Archive for Ukraine

Over Your Cities Grass Will Grow

Posted in Uncategorized with tags on April 26, 2018 by cliffdean

I just can’t find it.

Somewhere – I’ve seen it quite recently – is a drawing I did on the edge of St Helen’s Woods.

It was a lovely spring day so I’d taken a less-committed art class away from school, carrying boards and paper across an old trackway to the edge of the valley. On my drawing I made a few notes: that a Nightingale was singing down in below and that a radioactive cloud was drifting across Europe from a fire at a nuclear power station in Russia.

I’d like to find that drawing again to check the date – late April, early May 1986 – to confirm where it  fits in the disastrous timeline.

It wasn’t in Russia, but on the Ukraine/Belarus border in a place that everyone now knows.

A few years ago there began to be published haunting winter images of the abandoned support town, Pripyat. And then, we were standing on a bleak hillside at Abyaneh in Iran, with one of our group telling how he’d recently visited the Exclusion Zone; it was quite simple: Easyjet to Kiev, Novotel, then pick up a tour from Solo East outside McDonald’s.

Discussion of the accident came to a halt when another member of the group interjected, “I was there!” Though now a New Yorker, he’d grown up in Kiev. Aged eighteen, he was waiting one morning for the bus to work but the bus didn’t arrive. In fact all the city’s buses had vanished; no-one knew why.

Neither the citizens of Kiev nor the inhabitants of Pripyat nor those of nearby Chernobyl nor of two hundred little villages in the area were told anything. Nor were the firemen who rushed to the scene, many of whom, by the time I’d done my drawing in the sunshine, were already dying of radiation sickness.

Probably, depending on the date of that drawing, but probably by that time thousands of people had been evacuated from the area – in those missing buses.

There were those who’d come from all over the Soviet Union to work at the forward-looking power plant – four reactors already generating electricity and another in construction – and there were those who’d been born and bred in the villages but now faced permanent exile.

When, last year, I finally arrived in Pripyat it was oddly familiar – partly from the many eerie photographs and drone films disseminated in recent years but also from Science Not-Quite-Fiction post-apocalyptic scenarios in films and novels.
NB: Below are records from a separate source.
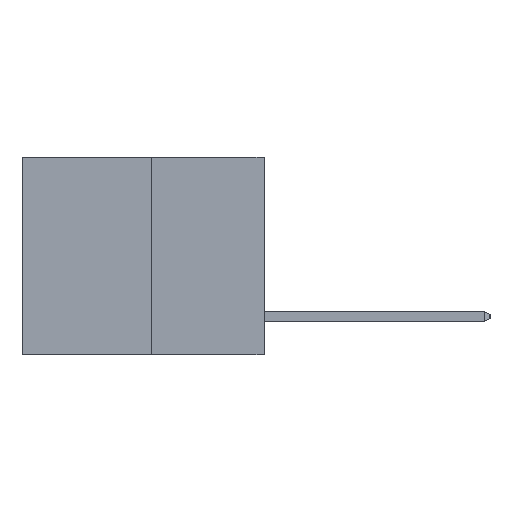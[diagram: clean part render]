
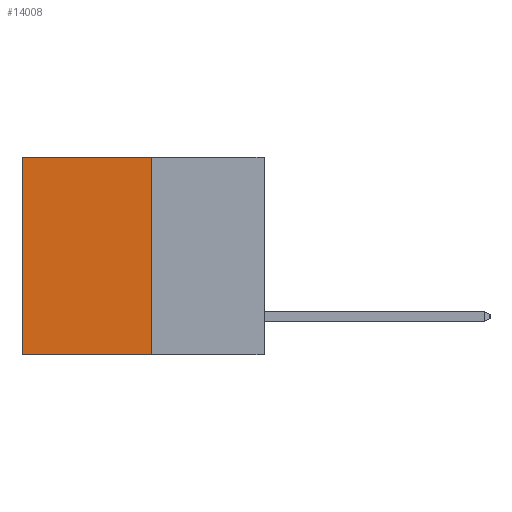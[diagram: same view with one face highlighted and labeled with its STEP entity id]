
A CAD part, left-side view. The second image highlights one B-rep face of the part: STEP entity #14008.
In plain terms, the highlighted planar face has unit normal (-1, 0, 0).
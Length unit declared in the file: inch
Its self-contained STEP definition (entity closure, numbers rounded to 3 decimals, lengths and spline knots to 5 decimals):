
#82 = CARTESIAN_POINT ( 'NONE',  ( 0.3165, 0.6, -0.49 ) ) ;
#196 = ORIENTED_EDGE ( 'NONE', *, *, #9824, .T. ) ;
#286 = VECTOR ( 'NONE', #10357, 39.37008 ) ;
#626 = EDGE_LOOP ( 'NONE', ( #13995, #12880, #8297, #196 ) ) ;
#680 = AXIS2_PLACEMENT_3D ( 'NONE', #5213, #12919, #5062 ) ;
#1342 = VERTEX_POINT ( 'NONE', #2949 ) ;
#2480 = LINE ( 'NONE', #2659, #6000 ) ;
#2503 = EDGE_CURVE ( 'NONE', #7958, #7715, #3119, .T. ) ;
#2659 = CARTESIAN_POINT ( 'NONE',  ( 0.3165, 0.28, -0.49 ) ) ;
#2949 = CARTESIAN_POINT ( 'NONE',  ( 0.3165, 0.28, -0.49 ) ) ;
#3119 = LINE ( 'NONE', #3236, #5404 ) ;
#3151 = DIRECTION ( 'NONE',  ( 0., 0., -1. ) ) ;
#3236 = CARTESIAN_POINT ( 'NONE',  ( 0.3165, 0.6, -0.49 ) ) ;
#4654 = CARTESIAN_POINT ( 'NONE',  ( 0.3165, 0.28, 0. ) ) ;
#4847 = DIRECTION ( 'NONE',  ( 0., 0., -1. ) ) ;
#5062 = DIRECTION ( 'NONE',  ( 0., 0., -1. ) ) ;
#5213 = CARTESIAN_POINT ( 'NONE',  ( 0.3165, 0.28, -0.49 ) ) ;
#5404 = VECTOR ( 'NONE', #3151, 39.37008 ) ;
#6000 = VECTOR ( 'NONE', #4847, 39.37008 ) ;
#6117 = CARTESIAN_POINT ( 'NONE',  ( 0.3165, 0.28, 0. ) ) ;
#6330 = FACE_OUTER_BOUND ( 'NONE', #626, .T. ) ;
#7335 = EDGE_CURVE ( 'NONE', #1342, #7715, #12779, .T. ) ;
#7715 = VERTEX_POINT ( 'NONE', #82 ) ;
#7958 = VERTEX_POINT ( 'NONE', #14017 ) ;
#8297 = ORIENTED_EDGE ( 'NONE', *, *, #13087, .F. ) ;
#9824 = EDGE_CURVE ( 'NONE', #12618, #7958, #11467, .T. ) ;
#10357 = DIRECTION ( 'NONE',  ( 0., 1., 0. ) ) ;
#10839 = PLANE ( 'NONE',  #680 ) ;
#11467 = LINE ( 'NONE', #4654, #12704 ) ;
#11503 = CARTESIAN_POINT ( 'NONE',  ( 0.3165, 0.28, -0.49 ) ) ;
#12618 = VERTEX_POINT ( 'NONE', #6117 ) ;
#12625 = DIRECTION ( 'NONE',  ( 0., 1., 0. ) ) ;
#12704 = VECTOR ( 'NONE', #12625, 39.37008 ) ;
#12779 = LINE ( 'NONE', #11503, #286 ) ;
#12880 = ORIENTED_EDGE ( 'NONE', *, *, #7335, .F. ) ;
#12919 = DIRECTION ( 'NONE',  ( 1., 0., 0. ) ) ;
#13087 = EDGE_CURVE ( 'NONE', #12618, #1342, #2480, .T. ) ;
#13995 = ORIENTED_EDGE ( 'NONE', *, *, #2503, .T. ) ;
#14008 = ADVANCED_FACE ( 'NONE', ( #6330 ), #10839, .F. ) ;
#14017 = CARTESIAN_POINT ( 'NONE',  ( 0.3165, 0.6, 0. ) ) ;
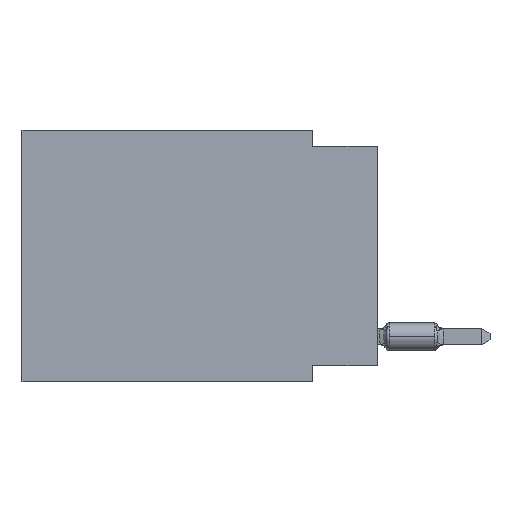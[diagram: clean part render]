
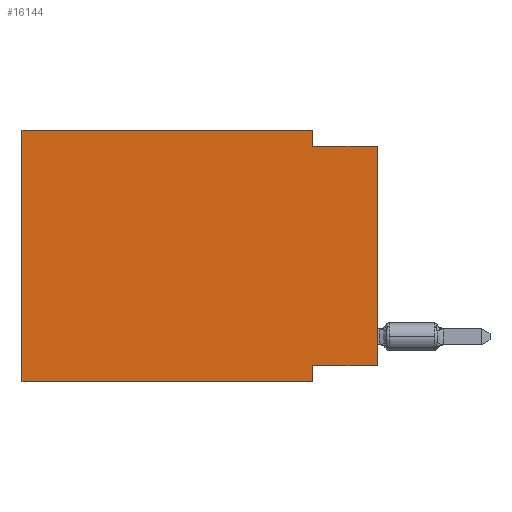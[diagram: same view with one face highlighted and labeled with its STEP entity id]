
A CAD part, left-side view. The second image highlights one B-rep face of the part: STEP entity #16144.
In plain terms, the highlighted planar face has unit normal (-1, 0, 0).
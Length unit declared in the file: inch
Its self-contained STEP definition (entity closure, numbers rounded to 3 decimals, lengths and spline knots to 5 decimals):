
#302 = VERTEX_POINT ( 'NONE', #15436 ) ;
#1220 = DIRECTION ( 'NONE',  ( 0., -1., 0. ) ) ;
#1231 = LINE ( 'NONE', #6893, #6549 ) ;
#1333 = EDGE_CURVE ( 'NONE', #6832, #1766, #7691, .T. ) ;
#1455 = CARTESIAN_POINT ( 'NONE',  ( 0., 0.55, 0. ) ) ;
#1494 = EDGE_CURVE ( 'NONE', #4873, #6832, #2847, .T. ) ;
#1643 = ORIENTED_EDGE ( 'NONE', *, *, #16066, .F. ) ;
#1766 = VERTEX_POINT ( 'NONE', #16073 ) ;
#2847 = LINE ( 'NONE', #1455, #16784 ) ;
#3022 = CARTESIAN_POINT ( 'NONE',  ( 0., 0., 0. ) ) ;
#3073 = FACE_OUTER_BOUND ( 'NONE', #16565, .T. ) ;
#3227 = ORIENTED_EDGE ( 'NONE', *, *, #1333, .F. ) ;
#3360 = EDGE_CURVE ( 'NONE', #5138, #302, #15533, .T. ) ;
#3847 = VECTOR ( 'NONE', #8640, 39.37008 ) ;
#4255 = ORIENTED_EDGE ( 'NONE', *, *, #4511, .F. ) ;
#4460 = DIRECTION ( 'NONE',  ( 1., 0., 0. ) ) ;
#4511 = EDGE_CURVE ( 'NONE', #1766, #15995, #12854, .T. ) ;
#4873 = VERTEX_POINT ( 'NONE', #8492 ) ;
#5083 = EDGE_CURVE ( 'NONE', #5138, #10591, #8950, .T. ) ;
#5138 = VERTEX_POINT ( 'NONE', #8035 ) ;
#5548 = DIRECTION ( 'NONE',  ( 0., 1., 0. ) ) ;
#5568 = LINE ( 'NONE', #8444, #10343 ) ;
#6023 = CARTESIAN_POINT ( 'NONE',  ( 0., 0.55, 0. ) ) ;
#6110 = CARTESIAN_POINT ( 'NONE',  ( 0., 0.55, 0. ) ) ;
#6549 = VECTOR ( 'NONE', #10975, 39.37008 ) ;
#6832 = VERTEX_POINT ( 'NONE', #6110 ) ;
#6864 = DIRECTION ( 'NONE',  ( 0., 0., -1. ) ) ;
#6893 = CARTESIAN_POINT ( 'NONE',  ( 0., 0.1, -0.39 ) ) ;
#7438 = VECTOR ( 'NONE', #14589, 39.37008 ) ;
#7691 = LINE ( 'NONE', #6023, #9098 ) ;
#8035 = CARTESIAN_POINT ( 'NONE',  ( 0., 0., -0.365 ) ) ;
#8444 = CARTESIAN_POINT ( 'NONE',  ( 0., 0., -0.025 ) ) ;
#8492 = CARTESIAN_POINT ( 'NONE',  ( 0., 0.55, -0.39 ) ) ;
#8640 = DIRECTION ( 'NONE',  ( 0., -1., 0. ) ) ;
#8820 = CARTESIAN_POINT ( 'NONE',  ( 0., 0., -0.025 ) ) ;
#8909 = CARTESIAN_POINT ( 'NONE',  ( 0., 0.55, 0. ) ) ;
#8950 = LINE ( 'NONE', #3022, #7438 ) ;
#9098 = VECTOR ( 'NONE', #14907, 39.37008 ) ;
#9824 = ORIENTED_EDGE ( 'NONE', *, *, #15007, .T. ) ;
#9853 = ORIENTED_EDGE ( 'NONE', *, *, #10847, .F. ) ;
#10119 = DIRECTION ( 'NONE',  ( 0., 0., -1. ) ) ;
#10343 = VECTOR ( 'NONE', #1220, 39.37008 ) ;
#10591 = VERTEX_POINT ( 'NONE', #8820 ) ;
#10847 = EDGE_CURVE ( 'NONE', #15995, #10591, #5568, .T. ) ;
#10975 = DIRECTION ( 'NONE',  ( 0., 0., -1. ) ) ;
#11504 = PLANE ( 'NONE',  #18039 ) ;
#11799 = ORIENTED_EDGE ( 'NONE', *, *, #1494, .F. ) ;
#11863 = VECTOR ( 'NONE', #6864, 39.37008 ) ;
#11930 = ORIENTED_EDGE ( 'NONE', *, *, #3360, .F. ) ;
#12411 = CARTESIAN_POINT ( 'NONE',  ( 0., 0., -0.365 ) ) ;
#12854 = LINE ( 'NONE', #14064, #11863 ) ;
#13805 = ORIENTED_EDGE ( 'NONE', *, *, #5083, .T. ) ;
#14055 = DIRECTION ( 'NONE',  ( 0., 0., 1. ) ) ;
#14064 = CARTESIAN_POINT ( 'NONE',  ( 0., 0.1, 0. ) ) ;
#14589 = DIRECTION ( 'NONE',  ( 0., 0., 1. ) ) ;
#14907 = DIRECTION ( 'NONE',  ( 0., -1., 0. ) ) ;
#15007 = EDGE_CURVE ( 'NONE', #4873, #15909, #15652, .T. ) ;
#15436 = CARTESIAN_POINT ( 'NONE',  ( 0., 0.1, -0.365 ) ) ;
#15533 = LINE ( 'NONE', #12411, #15710 ) ;
#15652 = LINE ( 'NONE', #17029, #3847 ) ;
#15710 = VECTOR ( 'NONE', #5548, 39.37008 ) ;
#15909 = VERTEX_POINT ( 'NONE', #16413 ) ;
#15995 = VERTEX_POINT ( 'NONE', #16685 ) ;
#16066 = EDGE_CURVE ( 'NONE', #302, #15909, #1231, .T. ) ;
#16073 = CARTESIAN_POINT ( 'NONE',  ( 0., 0.1, 0. ) ) ;
#16144 = ADVANCED_FACE ( 'NONE', ( #3073 ), #11504, .F. ) ;
#16413 = CARTESIAN_POINT ( 'NONE',  ( 0., 0.1, -0.39 ) ) ;
#16565 = EDGE_LOOP ( 'NONE', ( #13805, #9853, #4255, #3227, #11799, #9824, #1643, #11930 ) ) ;
#16685 = CARTESIAN_POINT ( 'NONE',  ( 0., 0.1, -0.025 ) ) ;
#16784 = VECTOR ( 'NONE', #14055, 39.37008 ) ;
#17029 = CARTESIAN_POINT ( 'NONE',  ( 0., 0.55, -0.39 ) ) ;
#18039 = AXIS2_PLACEMENT_3D ( 'NONE', #8909, #4460, #10119 ) ;
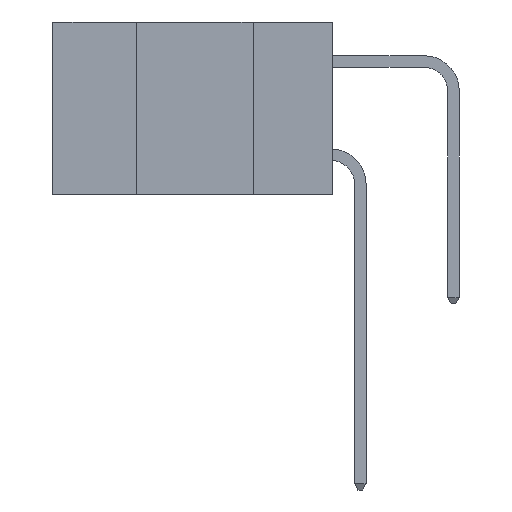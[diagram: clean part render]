
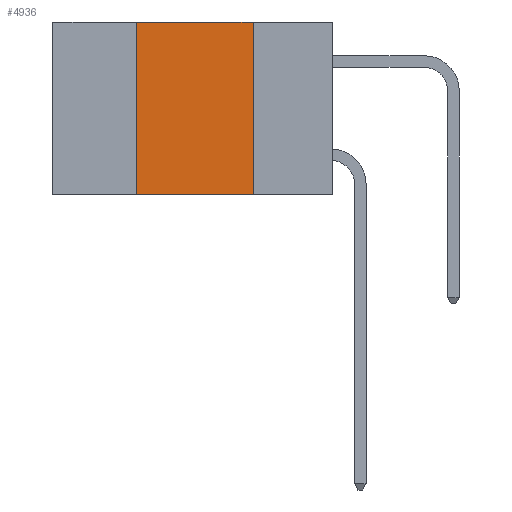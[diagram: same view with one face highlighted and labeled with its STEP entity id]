
A CAD part, left-side view. The second image highlights one B-rep face of the part: STEP entity #4936.
In plain terms, the highlighted planar face has unit normal (-1, 0, 0).
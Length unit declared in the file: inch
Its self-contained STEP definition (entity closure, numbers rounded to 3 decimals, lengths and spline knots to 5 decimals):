
#111 = CARTESIAN_POINT ( 'NONE',  ( 0., 0.42, 0. ) ) ;
#197 = CARTESIAN_POINT ( 'NONE',  ( 0., 0.17, -0.37 ) ) ;
#316 = CARTESIAN_POINT ( 'NONE',  ( 0., 0.17, -0.37 ) ) ;
#1014 = LINE ( 'NONE', #7926, #3704 ) ;
#1714 = VECTOR ( 'NONE', #6741, 39.37008 ) ;
#1761 = EDGE_LOOP ( 'NONE', ( #9019, #3326, #2997, #4825 ) ) ;
#2111 = AXIS2_PLACEMENT_3D ( 'NONE', #2642, #7794, #2775 ) ;
#2434 = DIRECTION ( 'NONE',  ( 0., -1., 0. ) ) ;
#2535 = LINE ( 'NONE', #3541, #10315 ) ;
#2642 = CARTESIAN_POINT ( 'NONE',  ( 0., 0.6, 0. ) ) ;
#2775 = DIRECTION ( 'NONE',  ( 0., 0., -1. ) ) ;
#2997 = ORIENTED_EDGE ( 'NONE', *, *, #4019, .F. ) ;
#3326 = ORIENTED_EDGE ( 'NONE', *, *, #9749, .F. ) ;
#3541 = CARTESIAN_POINT ( 'NONE',  ( 0., 0.6, -0.37 ) ) ;
#3704 = VECTOR ( 'NONE', #11107, 39.37008 ) ;
#4019 = EDGE_CURVE ( 'NONE', #7135, #6969, #4439, .T. ) ;
#4057 = CARTESIAN_POINT ( 'NONE',  ( 0., 0.42, -0.37 ) ) ;
#4439 = LINE ( 'NONE', #7415, #1714 ) ;
#4825 = ORIENTED_EDGE ( 'NONE', *, *, #12214, .T. ) ;
#4936 = ADVANCED_FACE ( 'NONE', ( #5525 ), #8832, .F. ) ;
#5525 = FACE_OUTER_BOUND ( 'NONE', #1761, .T. ) ;
#6286 = LINE ( 'NONE', #197, #11379 ) ;
#6741 = DIRECTION ( 'NONE',  ( 0., 0., 1. ) ) ;
#6969 = VERTEX_POINT ( 'NONE', #111 ) ;
#7034 = EDGE_CURVE ( 'NONE', #8958, #8271, #6286, .T. ) ;
#7135 = VERTEX_POINT ( 'NONE', #4057 ) ;
#7415 = CARTESIAN_POINT ( 'NONE',  ( 0., 0.42, -0.37 ) ) ;
#7794 = DIRECTION ( 'NONE',  ( 1., 0., 0. ) ) ;
#7926 = CARTESIAN_POINT ( 'NONE',  ( 0., 0.6, 0. ) ) ;
#8271 = VERTEX_POINT ( 'NONE', #316 ) ;
#8832 = PLANE ( 'NONE',  #2111 ) ;
#8958 = VERTEX_POINT ( 'NONE', #10466 ) ;
#9019 = ORIENTED_EDGE ( 'NONE', *, *, #7034, .F. ) ;
#9749 = EDGE_CURVE ( 'NONE', #6969, #8958, #1014, .T. ) ;
#10315 = VECTOR ( 'NONE', #2434, 39.37008 ) ;
#10466 = CARTESIAN_POINT ( 'NONE',  ( 0., 0.17, 0. ) ) ;
#11107 = DIRECTION ( 'NONE',  ( 0., -1., 0. ) ) ;
#11379 = VECTOR ( 'NONE', #11492, 39.37008 ) ;
#11492 = DIRECTION ( 'NONE',  ( 0., 0., -1. ) ) ;
#12214 = EDGE_CURVE ( 'NONE', #7135, #8271, #2535, .T. ) ;

This wrecked department store resembled a scene from J G Ballard’s “Kingdom Come”. And then there’s Tarkovsky’s uncannily prescient “Stalker” – filmed in 1979. I’ve referred to it in other posts.

And “In Ruins” by Colin Woodward, which traces the role of crumbling, abandoned dwellings and monuments in the European imagination. From childhood I’ve enjoyed exploring such places, the more overgrown the better.

Now it’s a favourite with photographers, who want to exploit the ready-made poignancy, especially when it’s overloaded with references to childhood.

In Pripyat, on that cool, still autumn afternoon, there was no sound and no movement save for the tap of dry leaves as they dropped to the floor. A bit like when you’re high in the mountains or out in the desert where nothing much has happened for centuries till one rock rolls down, comes to a stop, silence resumes.

Some of the housing blocks don’t look in much worse shape than those still inhabited in city suburbs, though they sport no post-Soviet satellite antennae or aircon units.

Bit by bit, the poplars planted in bygone avenues have drifted their offspring into tarmac joints and paving cracks, while moss and leaf litter have crept across the streets.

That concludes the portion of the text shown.